Don Marcelino Casanovas, a sus 74 años de edad, con la dentadura arruinada por el bruxismo, el oído sordo, la vista borrosa y el corazón encarcelado dentro de un destino caprichoso, se retrotrae a sus artes de baqueano para dar con la respuesta justa, la única posible:
“Si yo tuviera que contarle mi vida a un psicólogo”, le dice, “me muero antes de terminar de contarla”.
Juana no está bien; su voz, cuando habla, se quiebra al instante y ya nada ni nadie es capaz de impedir ese mar de desesperanza que se sacude como un ciclón. Se le pasó la vida, su vida nada menos, y ahí estuvo ella, la misma payasita que hacía cualquier cosa con tal de apagar un poco la tristeza en los ojos de sus padres. Despreció su propio dolor para evitar el dolor ajeno. Ella, ha dicho, no quiere la «prisión domiciliaria» para su papá; ¡quiere su LIBERTAD! ¡Quiere la libertad del hombre que vio trabajar toda su vida sin hacerle mal a nadie!
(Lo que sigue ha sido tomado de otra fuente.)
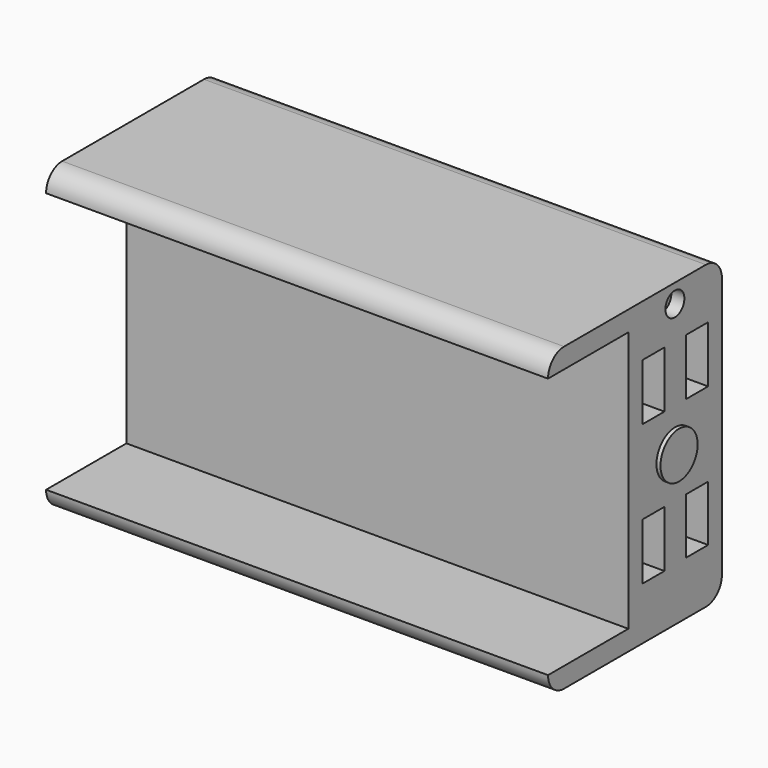
from build123d import *

# Parameters (mm, degrees)
F0_W         = 127
F0_H         = 76.2
F1_DEPTH     = 55
F2_R         = 5.08
F3_W         = 7
F3_H         = 14.3
F4_DEPTH     = 16.4
F5_DEPTH     = 25.4
F6_W         = 7
F6_H         = 14.3
F6_W_2       = 7.0104
F6_H_2       = 14.117781591
F7_DEPTH     = 16.4
F9_W         = 19.8135651034
F9_H         = 65.8797910702
F10_DEPTH    = 2.54
F11_T1_DEPTH = 87.8768363263
F11_T3_DEPTH = 41.8106103595
F12_DEPTH    = 1.524
F13_R        = 3
F13_R_2      = 1.8
F14_DEPTH    = 3.3
F15_DEPTH    = 11
F8_R         = 5.878920021
F16_DEPTH    = 1.016


# Not quite as in the source:
# - a fillet or chamfer that OpenCascade refuses, or shapes differently, is made with other operations: its cross-section is extruded or revolved along the edge and cut away or added


with BuildPart() as f1:
    # F0 (on Front) → F1 (new body)
    with BuildSketch(Plane.XZ):
        Rectangle(F0_W, F0_H)
    extrude(amount=F1_DEPTH)

    # F2
    f2_edges = [f1.edges().sort_by_distance(p)[0] for p in [
        (0, -55, -38.1),
        (0, 0, -38.1),
        (0, -55, 38.1),
        (0, 0, 38.1),
    ]]
    fillet(f2_edges, radius=F2_R)

    # F3 (on face) → F4 (cut)
    with BuildSketch(Plane.YZ.offset(63.5)):
        with Locations((-49.3123565018, 17.8676303864)):
            Rectangle(F3_W, F3_H)
        with Locations((-35.2098751962, 17.8676303864)):
            Rectangle(F3_W, F3_H)
        with Locations((-21.6830033958, 17.8676303864)):
            Rectangle(F3_W, F3_H)
        with Locations((-7.8683277741, 17.8676303864)):
            Rectangle(F3_W, F3_H)
    extrude(amount=-F4_DEPTH, mode=Mode.SUBTRACT)

    # F5 (cut): a face of the model
    f5_faces = [f1.faces().sort_by_distance(p)[0] for p in [
        (0, -55, 0),
    ]]
    extrude(f5_faces, amount=-F5_DEPTH, mode=Mode.SUBTRACT)

    # F6 (on face) → F7 (cut)
    with BuildSketch(Plane.YZ.offset(63.5)):
        with Locations((-21.6830033958, -17.639610437)):
            Rectangle(F6_W, F6_H)
        with Locations((-7.8631268428, -17.5485012325)):
            Rectangle(F6_W_2, F6_H_2)
    extrude(amount=-F7_DEPTH, mode=Mode.SUBTRACT)

    # F9 (on face) → F10 (join)
    with BuildSketch(Plane(origin=(-63.5, 0, 0), x_dir=(0, -1, 0), z_dir=(-1, 0, 0))):
        with Locations((14.9867825517, 0.0801044649)):
            Rectangle(F9_W, F9_H)
    extrude(amount=F10_DEPTH)

    # F11: fillet of radius 5.08 on 4 edges, made by hand

    # F11_s2 → F11_t1 (cut)
    with BuildSketch(Plane.XY.offset(-43.8583136983)):
        with BuildLine():
            ThreePointArc((-63.5, -24.8935651034), (-65.3594090512, -23.0341560522), (-66.04, -20.4941560522))
            Line((-66.04, -20.4941560522), (-66.04, -24.8935651034))
            Line((-66.04, -24.8935651034), (-63.5, -24.8935651034))
        make_face()
        with BuildLine():
            ThreePointArc((-63.5, -5.08), (-65.3594090512, -6.9394090512), (-66.04, -9.4794090512))
            Line((-66.04, -9.4794090512), (-66.04, -5.08))
            Line((-66.04, -5.08), (-63.5, -5.08))
        make_face()
    extrude(amount=F11_T1_DEPTH, mode=Mode.SUBTRACT)

    # F11_s4 → F11_t3 (cut)
    with BuildSketch(Plane.XZ.offset(-5.9185226281)):
        with BuildLine():
            ThreePointArc((-63.5, 33.02), (-65.3594090512, 31.1605909488), (-66.04, 28.6205909488))
            Line((-66.04, 28.6205909488), (-66.04, 33.02))
            Line((-66.04, 33.02), (-63.5, 33.02))
        make_face()
        with BuildLine():
            ThreePointArc((-63.5, -32.8597910702), (-65.3594090512, -31.000382019), (-66.04, -28.460382019))
            Line((-66.04, -28.460382019), (-66.04, -32.8597910702))
            Line((-66.04, -32.8597910702), (-63.5, -32.8597910702))
        make_face()
    extrude(amount=F11_T3_DEPTH, mode=Mode.SUBTRACT)

    # F12 (cut): a face of the model
    f12_faces = [f1.faces().sort_by_distance(p)[0] for p in [
        (-66.04, -14.9867825517, 0.0801044649),
    ]]
    extrude(f12_faces, amount=-F12_DEPTH, mode=Mode.SUBTRACT)

    # F13 (on face) → F14 (cut)
    with BuildSketch(Plane.YZ.offset(63.5)):
        with Locations((-14.8709248751, 33.3571620286)):
            Circle(F13_R)
        with Locations((-14.8709248751, 33.3571620286)):
            Circle(F13_R_2, mode=Mode.SUBTRACT)
    extrude(amount=-F14_DEPTH, mode=Mode.SUBTRACT)

    # F15 (cut): a face of the model
    f15_faces = [f1.faces().sort_by_distance(p)[0] for p in [
        (63.5, -14.8709248751, 33.3571620286),
    ]]
    extrude(f15_faces, amount=-F15_DEPTH, mode=Mode.SUBTRACT)

    # F8 (on face) → F16 (join)
    with BuildSketch(Plane.YZ.offset(63.5)):
        with Locations((-14.821995981, 0)):
            Circle(F8_R)
    extrude(amount=F16_DEPTH)


solid = f1.part
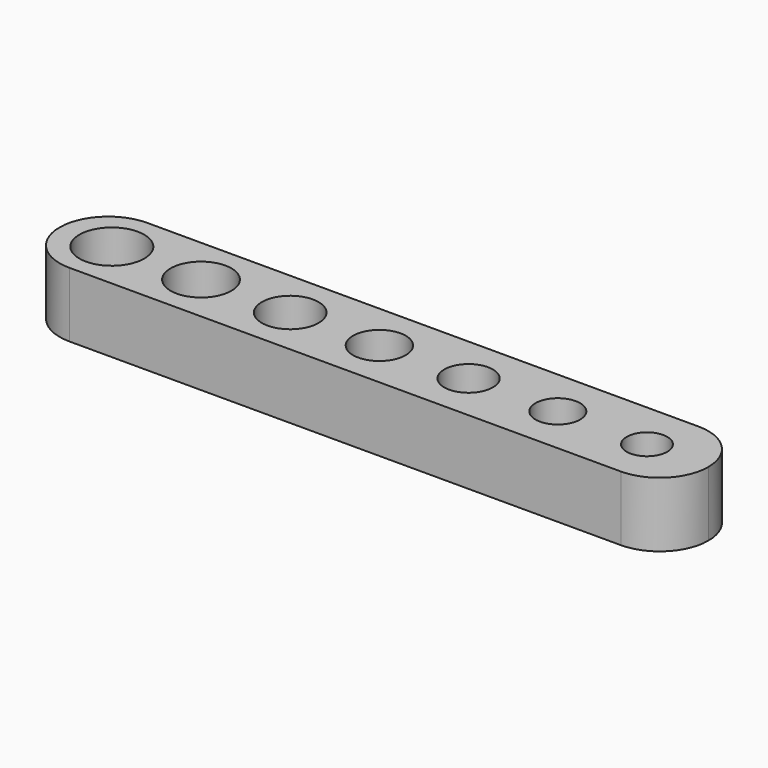
from build123d import *

# Parameters (mm, degrees)
F0_W     = 40
F0_H     = 6
F0_R     = 2
F0_R_2   = 1.875
F0_R_3   = 1.75
F0_R_4   = 1.625
F0_R_5   = 1.5
F0_R_6   = 1.375
F0_R_7   = 1.25
F1_DEPTH = 4
F2_R     = 2.99999


# Not quite as in the source:
# - a fillet or chamfer is up to 0.001 mm smaller than in the source, because OpenCascade refuses the exact size


with BuildPart() as f1:
    # F0 (on Top) → F1 (new body)
    with BuildSketch(Plane.XY):
        with Locations((-20, 3)):
            Rectangle(F0_W, F0_H)
        with Locations((-36.7836877704, 3)):
            Circle(F0_R, mode=Mode.SUBTRACT)
        with Locations((-31.2836877704, 3)):
            Circle(F0_R_2, mode=Mode.SUBTRACT)
        with Locations((-25.7836877704, 3)):
            Circle(F0_R_3, mode=Mode.SUBTRACT)
        with Locations((-20.2836877704, 3)):
            Circle(F0_R_4, mode=Mode.SUBTRACT)
        with Locations((-14.7836877704, 3)):
            Circle(F0_R_5, mode=Mode.SUBTRACT)
        with Locations((-9.2836877704, 3)):
            Circle(F0_R_6, mode=Mode.SUBTRACT)
        with Locations((-3.7836877704, 3)):
            Circle(F0_R_7, mode=Mode.SUBTRACT)
    extrude(amount=F1_DEPTH)

    # F2 (radius 3 in the source; OpenCascade refuses exactly that, so slightly less here)
    f2_edges = [f1.edges().sort_by_distance(p)[0] for p in [
        (0, 0, 2),
        (0, 6, 2),
        (-40, 0, 2),
        (-40, 6, 2),
    ]]
    fillet(f2_edges, radius=F2_R)


solid = f1.part
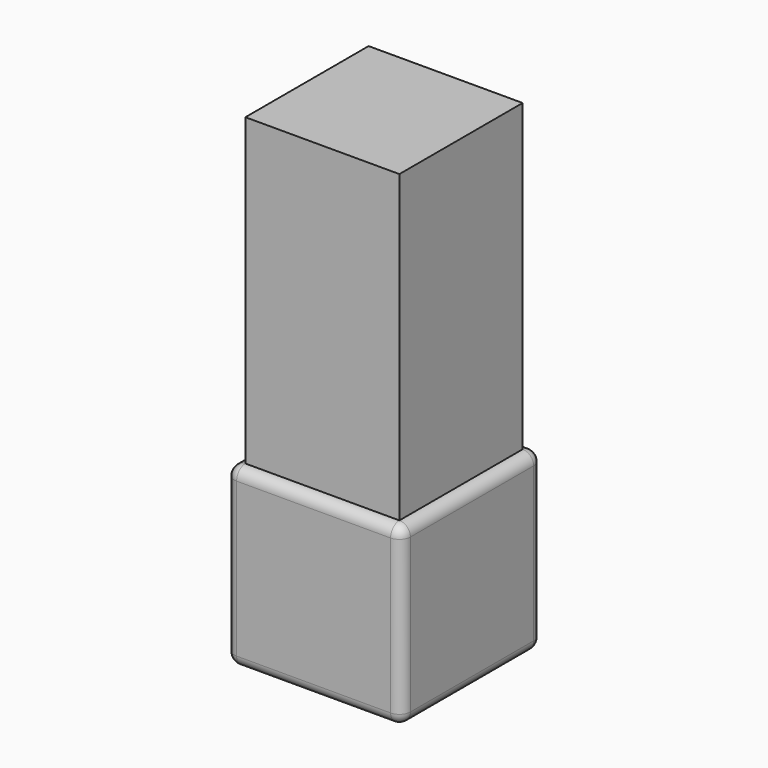
from build123d import *

# Parameters (mm, degrees)
F0_W     = 80
F0_H     = 80
F1_DEPTH = 40
F2_R     = 5
F3_DEPTH = 80.001


# Not quite as in the source:
# - a pattern or mirror of a feature is missing from the dataset's text; its kind, count and spacing are read off the source's solid


with BuildPart() as f1:
    # F0 (on Top) → F1 (new body, symmetric)
    with BuildSketch(Plane.XY):
        Rectangle(F0_W, F0_H)
    extrude(amount=F1_DEPTH, both=True)

    # F2
    f2_edges = [f1.edges().sort_by_distance(p)[0] for p in [
        (0, 40, 40),
        (-40, 0, 40),
        (40, 0, 40),
        (0, -40, 40),
        (40, 40, 0),
        (40, -40, 0),
        (40, 0, -40),
        (-40, 40, 0),
        (-40, 0, -40),
        (-40, -40, 0),
        (0, -40, -40),
        (0, 40, -40),
    ]]
    fillet(f2_edges, radius=F2_R)

    # F3 (add, through all): faces of the model
    f3_faces = [f1.faces().sort_by_distance(p)[0] for p in [
        (0, 0, -40),
        (0, 0, 40),
    ]]
    f3 = extrude(f3_faces, amount=-F3_DEPTH, dir=(0, 0, -1))

    # F3_copies: F3 across plane
    add(f3.mirror(Plane.XY.offset(69.287032)))


solid = f1.part

Claro que Juana no está bien… pedir algo así…
Don Marcelino tampoco está bien: al hombre le estuvo prohibido soñar desde el día en que nació, y tal es así… que cuando hubiera podido empezar a hacerlo, el destino le arrebató una hija y luego lo encerró en cuatro paredes infernales; aquel varón que nunca consumió Coca Cola perdió su perfecta dentadura de tanto rechinar el alma… evaporada entre tantas pesadillas. ¿Cómo puede tener pesadillas un hombre cuya madre le enseñó a rezar todos los días y que fue despedida de este mundo como si fuera una santa? Claramente, don Marcelino… no está bien.
En fin, ni Juana ni Marcelino están bien. Pero ni Juana ni Marcelino precisan de un psicólogo, eso que se consigue con solo consultar en Google. Lo único que tanto hija como padre necesitan es un poco de justicia, eso mismo que tanto suele negar nuestro país.